Exercise instructions -
Only the lines from the one containing "constraints: 8 end point, 2" through the end of the listing below belong in your answer; retype them exactly.

Dataset content Block Start

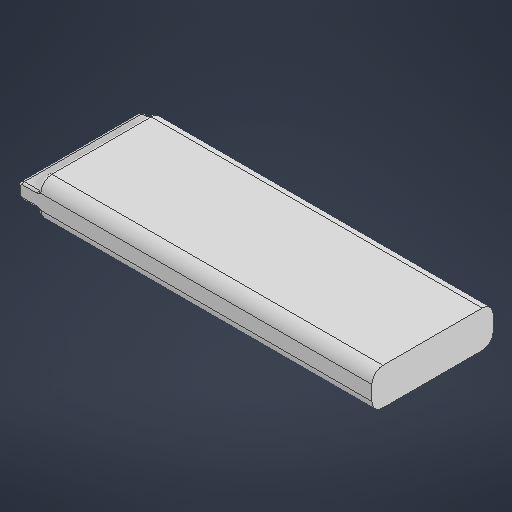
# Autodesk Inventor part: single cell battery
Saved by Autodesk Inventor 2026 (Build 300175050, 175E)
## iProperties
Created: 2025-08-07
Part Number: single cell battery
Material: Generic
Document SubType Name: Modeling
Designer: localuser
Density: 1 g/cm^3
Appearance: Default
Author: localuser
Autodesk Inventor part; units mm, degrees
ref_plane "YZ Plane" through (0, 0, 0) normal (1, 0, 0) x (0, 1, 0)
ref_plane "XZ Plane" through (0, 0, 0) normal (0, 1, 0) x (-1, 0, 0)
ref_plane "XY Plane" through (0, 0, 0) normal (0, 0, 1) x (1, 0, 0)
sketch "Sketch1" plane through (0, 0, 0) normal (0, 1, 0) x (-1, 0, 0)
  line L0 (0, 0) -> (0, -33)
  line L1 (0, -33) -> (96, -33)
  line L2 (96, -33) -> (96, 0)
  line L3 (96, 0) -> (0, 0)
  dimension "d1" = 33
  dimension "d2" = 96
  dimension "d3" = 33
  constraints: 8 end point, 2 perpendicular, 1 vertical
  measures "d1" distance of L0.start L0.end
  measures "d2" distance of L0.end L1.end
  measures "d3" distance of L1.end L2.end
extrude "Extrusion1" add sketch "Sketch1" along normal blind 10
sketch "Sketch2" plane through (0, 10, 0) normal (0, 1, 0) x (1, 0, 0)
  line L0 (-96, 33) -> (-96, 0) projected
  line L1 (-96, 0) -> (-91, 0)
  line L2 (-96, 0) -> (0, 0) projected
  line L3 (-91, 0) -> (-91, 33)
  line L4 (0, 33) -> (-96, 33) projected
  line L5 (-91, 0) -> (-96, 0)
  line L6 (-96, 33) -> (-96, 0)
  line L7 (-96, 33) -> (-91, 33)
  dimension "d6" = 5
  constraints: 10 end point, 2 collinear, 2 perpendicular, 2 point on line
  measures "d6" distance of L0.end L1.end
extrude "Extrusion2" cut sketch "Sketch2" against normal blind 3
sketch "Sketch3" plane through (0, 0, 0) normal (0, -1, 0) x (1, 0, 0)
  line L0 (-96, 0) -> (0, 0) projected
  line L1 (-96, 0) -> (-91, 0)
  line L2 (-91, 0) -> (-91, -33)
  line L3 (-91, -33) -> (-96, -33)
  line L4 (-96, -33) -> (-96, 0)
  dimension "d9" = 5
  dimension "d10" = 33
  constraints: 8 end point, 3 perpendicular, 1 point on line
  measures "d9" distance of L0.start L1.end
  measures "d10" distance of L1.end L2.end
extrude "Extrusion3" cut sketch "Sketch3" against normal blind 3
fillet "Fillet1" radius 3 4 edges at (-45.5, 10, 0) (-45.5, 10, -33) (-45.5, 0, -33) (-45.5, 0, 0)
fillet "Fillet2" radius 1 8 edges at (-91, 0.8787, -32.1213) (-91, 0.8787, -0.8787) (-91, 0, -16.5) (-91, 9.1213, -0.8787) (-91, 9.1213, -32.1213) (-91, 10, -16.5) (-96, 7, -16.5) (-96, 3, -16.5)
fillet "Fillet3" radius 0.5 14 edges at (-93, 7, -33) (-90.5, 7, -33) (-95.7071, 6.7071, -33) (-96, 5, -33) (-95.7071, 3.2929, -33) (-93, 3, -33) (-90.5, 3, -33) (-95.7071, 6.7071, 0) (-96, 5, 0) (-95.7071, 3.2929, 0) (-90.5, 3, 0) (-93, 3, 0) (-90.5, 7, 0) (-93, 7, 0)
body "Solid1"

Dataset content Block End

Exercise output -
  constraints: 8 end point, 2 perpendicular, 1 vertical
  measures "d1" distance of L0.start L0.end
  measures "d2" distance of L0.end L1.end
  measures "d3" distance of L1.end L2.end
extrude "Extrusion1" add sketch "Sketch1" along normal blind 10
sketch "Sketch2" plane through (0, 10, 0) normal (0, 1, 0) x (1, 0, 0)
  line L0 (-96, 33) -> (-96, 0) projected
  line L1 (-96, 0) -> (-91, 0)
  line L2 (-96, 0) -> (0, 0) projected
  line L3 (-91, 0) -> (-91, 33)
  line L4 (0, 33) -> (-96, 33) projected
  line L5 (-91, 0) -> (-96, 0)
  line L6 (-96, 33) -> (-96, 0)
  line L7 (-96, 33) -> (-91, 33)
  dimension "d6" = 5
  constraints: 10 end point, 2 collinear, 2 perpendicular, 2 point on line
  measures "d6" distance of L0.end L1.end
extrude "Extrusion2" cut sketch "Sketch2" against normal blind 3
sketch "Sketch3" plane through (0, 0, 0) normal (0, -1, 0) x (1, 0, 0)
  line L0 (-96, 0) -> (0, 0) projected
  line L1 (-96, 0) -> (-91, 0)
  line L2 (-91, 0) -> (-91, -33)
  line L3 (-91, -33) -> (-96, -33)
  line L4 (-96, -33) -> (-96, 0)
  dimension "d9" = 5
  dimension "d10" = 33
  constraints: 8 end point, 3 perpendicular, 1 point on line
  measures "d9" distance of L0.start L1.end
  measures "d10" distance of L1.end L2.end
extrude "Extrusion3" cut sketch "Sketch3" against normal blind 3
fillet "Fillet1" radius 3 4 edges at (-45.5, 10, 0) (-45.5, 10, -33) (-45.5, 0, -33) (-45.5, 0, 0)
fillet "Fillet2" radius 1 8 edges at (-91, 0.8787, -32.1213) (-91, 0.8787, -0.8787) (-91, 0, -16.5) (-91, 9.1213, -0.8787) (-91, 9.1213, -32.1213) (-91, 10, -16.5) (-96, 7, -16.5) (-96, 3, -16.5)
fillet "Fillet3" radius 0.5 14 edges at (-93, 7, -33) (-90.5, 7, -33) (-95.7071, 6.7071, -33) (-96, 5, -33) (-95.7071, 3.2929, -33) (-93, 3, -33) (-90.5, 3, -33) (-95.7071, 6.7071, 0) (-96, 5, 0) (-95.7071, 3.2929, 0) (-90.5, 3, 0) (-93, 3, 0) (-90.5, 7, 0) (-93, 7, 0)
body "Solid1"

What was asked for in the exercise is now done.